3.  DISABILITY DISCRIMINATION ACT (DDA) 1992                            4

3.1.  Disability Discrimination Act (DDA) 1992

3.2.  DDA Objective

3.3.  DDA Definition of Disability

3.4.    DDA Discrimination

3.5.  DDA Complaints

3.6.  DDA Standards

3.7.    ABS Disability Demographics

4.  Building Review                                                                                 6

4.1  Methodology

5.  RESULTS OF BUILDING REVIEW                                                         7

5.1.    Carparking

5.2.  Entrances

5.3.  Staircases

5.4.  Toilets

5.5.  Theatres

5.6.    Other Facilities

6.          CONCLUSION                                                        13

7.          SCHEDULE OF WORK                                        14


1. PREAMBLE

 

The South Australian Film Corporation is pleased to lodge this document with the Human Rights & Equal Opportunity Commission in accordance with the requirements of the Federal Disability Discrimination Act (DDA) 1992.

SAFC is also pleased to forward a copy of its DDA Action Plan to the Minister for the Arts.  This responds to the Minister's request for all organisations in receipt of triennial or annual funding through Arts SA to develop a Disability Action Plan, as set out in the document ARTS + 2000 - 2005.

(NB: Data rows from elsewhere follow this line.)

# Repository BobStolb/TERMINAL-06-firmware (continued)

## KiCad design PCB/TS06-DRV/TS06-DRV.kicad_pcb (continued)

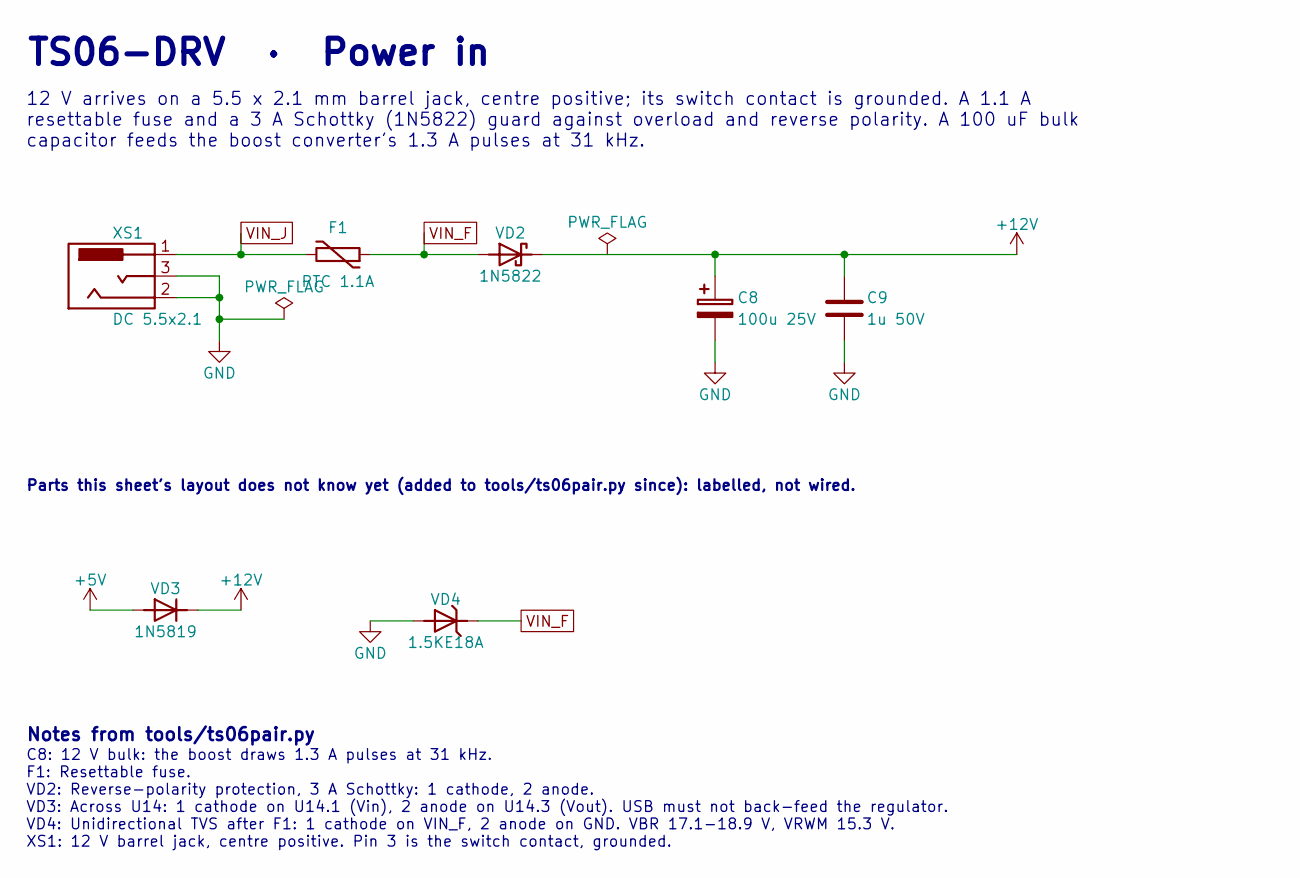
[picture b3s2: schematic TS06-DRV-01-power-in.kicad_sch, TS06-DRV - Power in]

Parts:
C8: 100u 25V; TS06_CP_Radial_D6.3mm_P2.50mm
C9: 1u 50V; TS06_C_Disc_P5.00mm_R270
F1: PTC 1.1A; TS06_Fuse_PTC_MF-RG1100
VD2: 1N5822; TS06_D_DO-201AD_P15.24mm_R180
VD3: 1N5819; TS06_D_DO-41_P10.16mm
VD4: 1.5KE18A; TS06_D_DO-201AD_P15.24mm
XS1: DC 5.5x2.1; TS06_BarrelJack_Horizontal

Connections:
+5V: VD3.2 (A); also elsewhere on the board
+12V: C8.1, C9.1, VD2.1 (K), VD3.1 (K); also elsewhere on the board
GND: C8.2, C9.2, VD4.2 (A), XS1.2 (-), XS1.3 (SW); also elsewhere on the board
VIN_F: F1.2, VD2.2 (A), VD4.1 (K)
VIN_J: F1.1, XS1.1 (+)

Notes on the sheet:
TS06-DRV · Power in
12 V arrives on a 5.5 x 2.1 mm barrel jack, centre positive; its switch contact is grounded. A 1.1 A resettable fuse and a 3 A Schottky (1N5822) guard against overload and reverse polarity. A 100 uF bulk capacitor feeds the boost converter's 1.3 A pulses at 31 kHz.
Parts this sheet's layout does not know yet (added to tools/ts06pair.py since): labelled, not wired.
Notes from tools/ts06pair.py
C8: 12 V bulk: the boost draws 1.3 A pulses at 31 kHz. F1: Resettable fuse. VD2: Reverse-polarity protection, 3 A Schottky: 1 cathode, 2 anode. VD3: Across U14: 1 cathode on U14.1 (Vin), 2 anode on U14.3 (Vout). USB must not back-feed the regulator. VD4: Unidirectional TVS after F1: 1 cathode on VI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

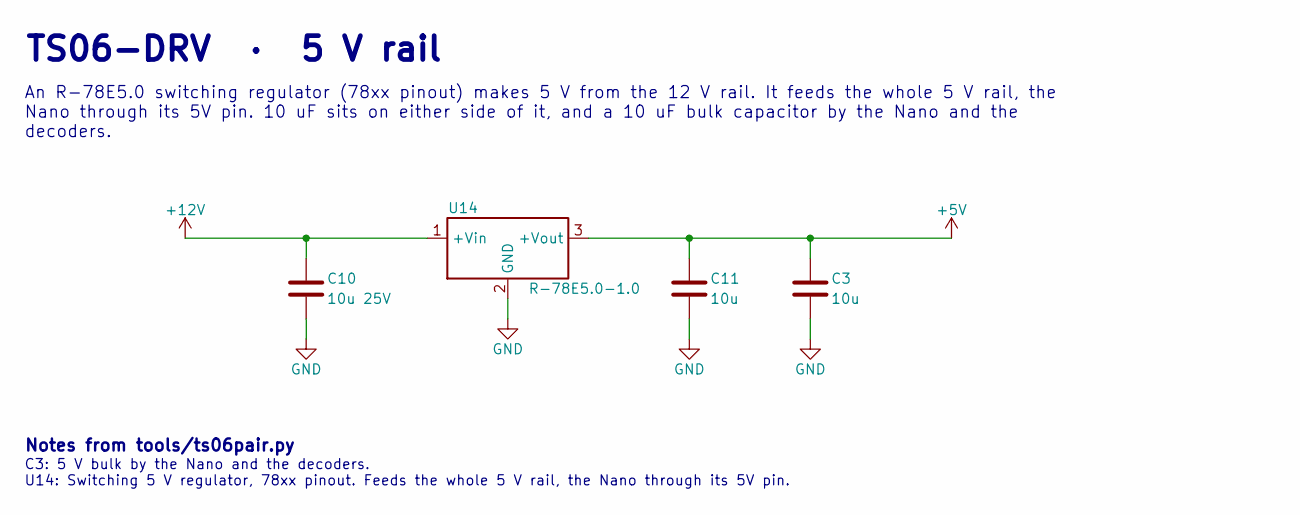
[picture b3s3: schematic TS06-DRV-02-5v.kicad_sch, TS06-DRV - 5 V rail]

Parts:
C3: 10u; TS06_C_Disc_P5.00mm
C10: 10u 25V; TS06_C_Disc_P5.00mm_R270
C11: 10u; TS06_C_Disc_P5.00mm_R90
U14: R-78E5.0-1.0; TS06_R-78E_SIP3

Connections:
+5V: C3.1, C11.1, U14.3 (+Vout); also elsewhere on the board
+12V: C10.1, U14.1 (+Vin); also elsewhere on the board
GND: C3.2, C10.2, C11.2, U14.2 (GND); also elsewhere on the board

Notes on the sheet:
TS06-DRV · 5 V rail
An R-78E5.0 switching regulator (78xx pinout) makes 5 V from the 12 V rail. It feeds the whole 5 V rail, the Nano through its 5V pin. 10 uF sits on either side of it, and a 10 uF bulk capacitor by the Nano and the decoders.
Notes from tools/ts06pair.py
C3: 5 V bulk by the Nano and the decoders. U14: Switching 5 V regulator, 78xx pinout. Feeds the whole 5 V rail, the Nano through its 5V pin.

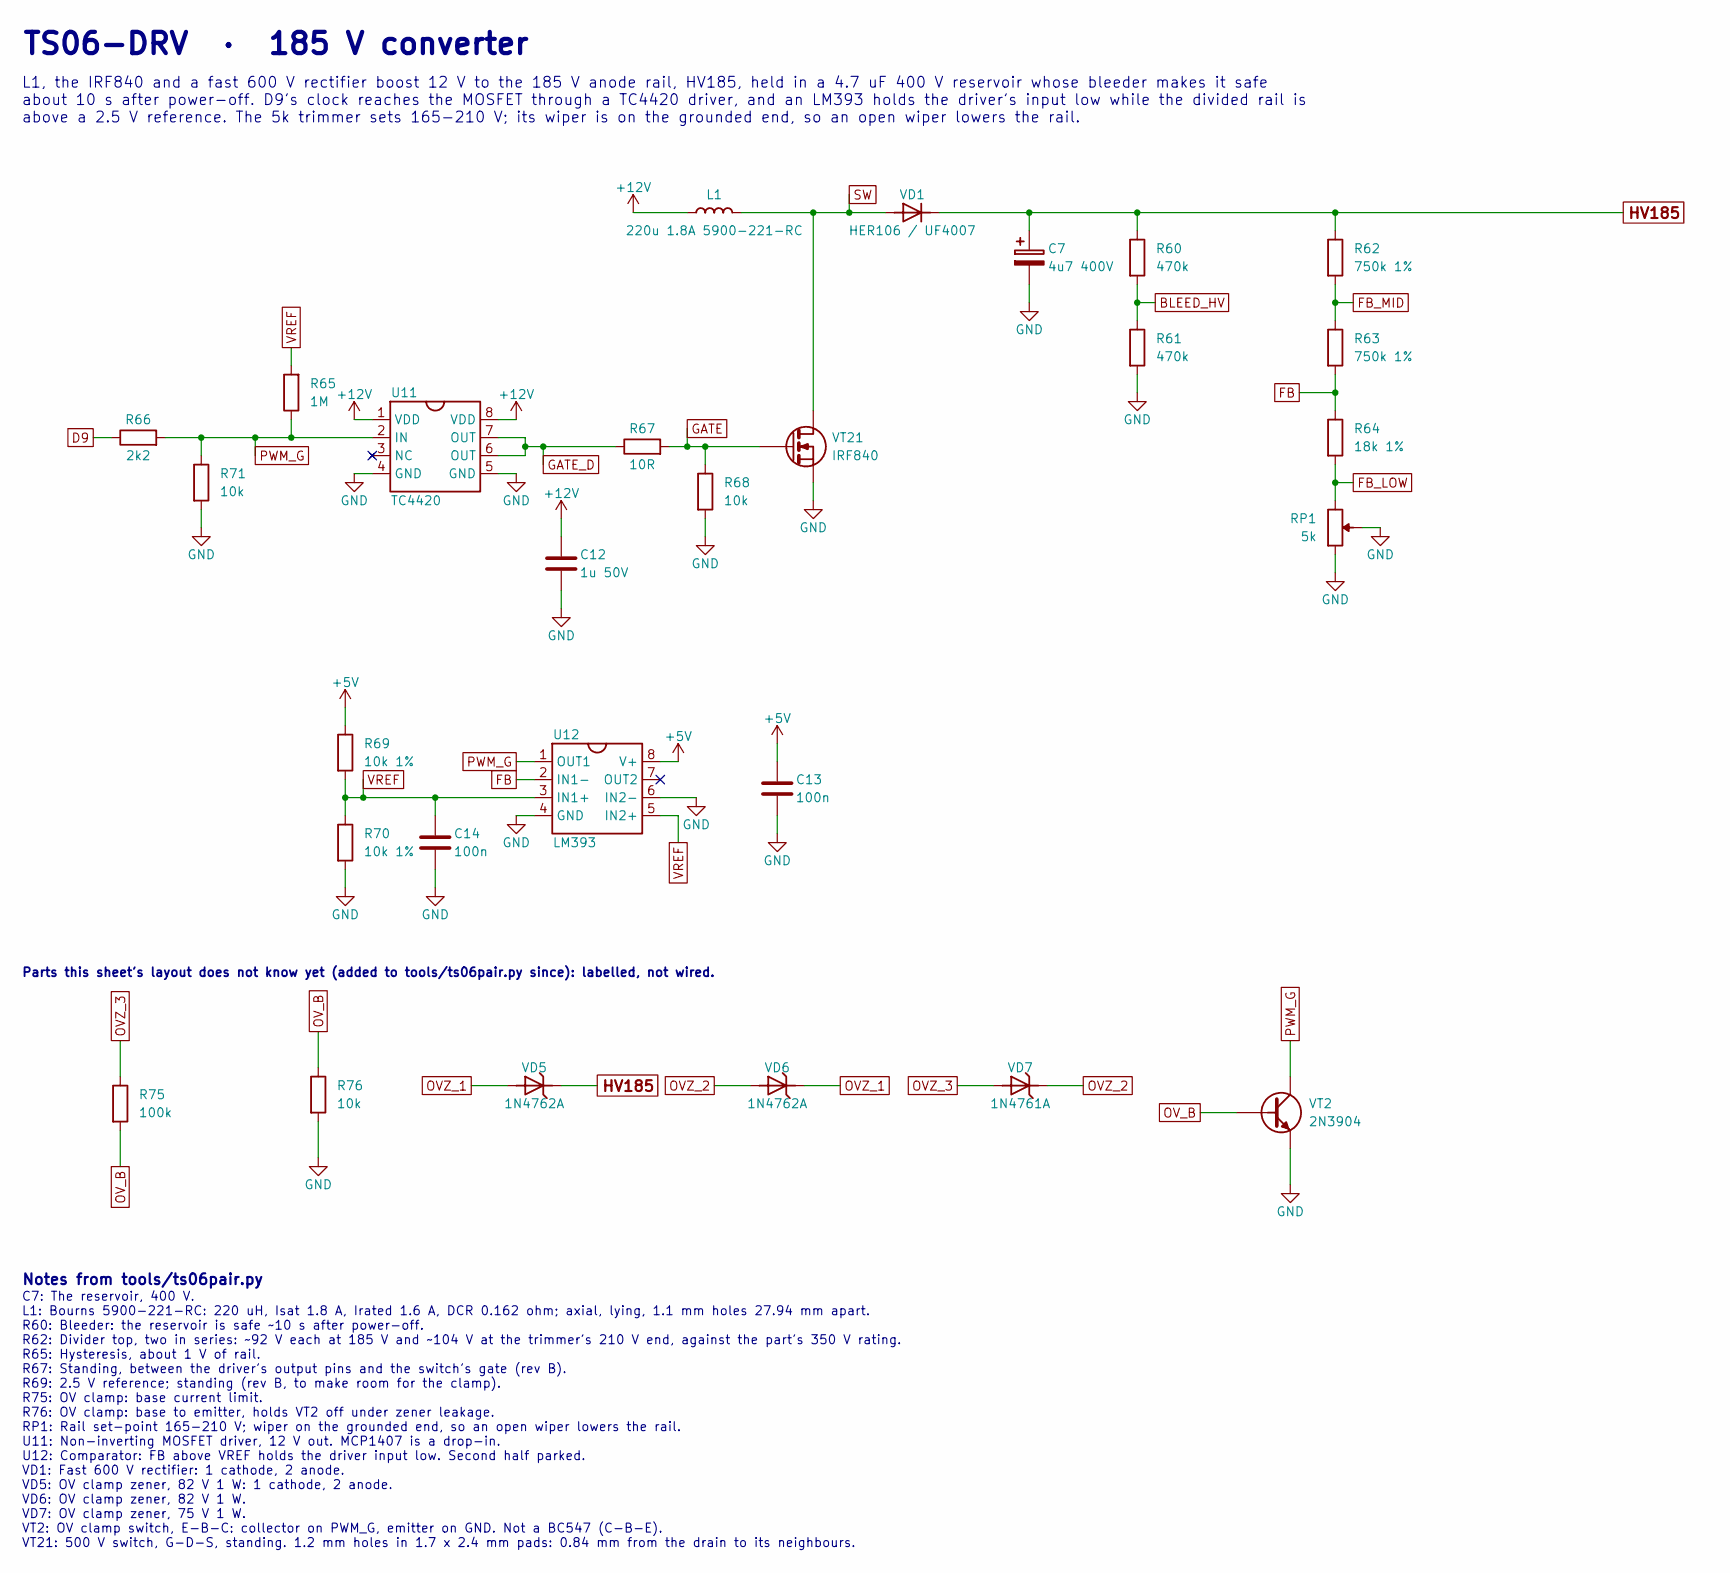
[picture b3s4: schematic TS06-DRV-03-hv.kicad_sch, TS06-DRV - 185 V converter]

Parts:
C7: 4u7 400V; TS06_CP_Radial_D10.0mm_P5.00mm_R180
C12: 1u 50V; TS06_C_Disc_P5.00mm_R270
C13: 100n; TS06_C_Disc_P5.00mm_R180
C14: 100n; TS06_C_Disc_P5.00mm
L1: 220u 1.8A 5900-221-RC; TS06_L_Axial_D11.5mm_L22.9mm_P27.94mm
R60, R61: 470k; TS06_R_Axial_MLT-0.5_P15.24mm
R62: 750k 1%; TS06_R_Axial_MLT-0.5_P15.24mm
R63: 750k 1%; TS06_R_Axial_MLT-0.5_P15.24mm_R270
R64: 18k 1%; TS06_R_Axial_DIN0207_P10.16mm
R65: 1M; TS06_R_Axial_DIN0207_P2.54mm_Vertical_R180
R66: 2k2; TS06_R_Axial_DIN0207_P2.54mm_Vertical_R270
R67: 10R; TS06_R_Axial_DIN0207_P2.54mm_Vertical
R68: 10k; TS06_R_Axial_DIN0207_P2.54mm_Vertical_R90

This DDA Action Plan will also be used as a method of informing staff of the SAFC undertakings.  It will become part of the induction education process for new staff members and will serve as part of SAFC's public accountability commitment.

Times New Roman 12 point type has been chosen for this document to assist readers with vision impairments.

1.1.  DDA Action Plan Development Process

In November 2000 the SAFC appointed Disability Consultancy Services (DCS) Pty Ltd to assist with the process of developing its DDA Action Plan.  The task for DCS was to:

•          review SAFC facilities and services to identify barriers to the equitable use of the organisations facilities and services by people with disabilities;

•          in conjunction with SAFC staff develop strategies and timetable for the removal or alleviation of those identified barriers;

•          provide "disability awareness" training to SAFC staff;

•          prepare for approval  a draft DDA Action Plan.


2.  INTRODUCTION

 

2.1.  South Australian Film Corporation

The South Australian Film Corporation was established under the South Australian Film Corporation Act 1972, to stimulate and encourage the formation and continued development of a film industry in South Australia.  

The Corporation through its Board of Directors is subject to the general control and direction of the Minister for the Arts.

The SAFC is accountable to the Government to:

•          Make available advice and financial assistance for the development and production of films with an appeal to a diversity of audiences;

•          Promote the South Australian film industry and the state as a place to make films;

•          Contribute to the continuity and replenishment of creative and technical skills within the South Australian Film industry;

•          Support film as a medium for entertainment, education and innovative experimentation through South Australian organisations established for that purpose;

•          Operate in a cost-efficient manner, solely or in association with the private sector, such facilities considered essential to sustaining the South Australian Film industry as would otherwise not be available;

•          Provide management services for the Government of South Australia in respect of its films and other multi-media needs.

The SAFC has a proud reputation of producing and being associated with many films achieving world-wide acclaim.  It has also been associated with a number of films depicting issues associated with disability and which have employed and starred actors with personal experience of disability.  Examples are;

•          Dance Me to My Song;

•          Bad Boy Bubby;

•          Push Start; and

•          Shine.

2.2.  SAFC Site

The South Australian Film Corporation is located off Tapleys Hill Road, at 3 Butler Drive, Hendon, South Australia within an industrial estate, first established to assist in World War 11 manufacturing requirements.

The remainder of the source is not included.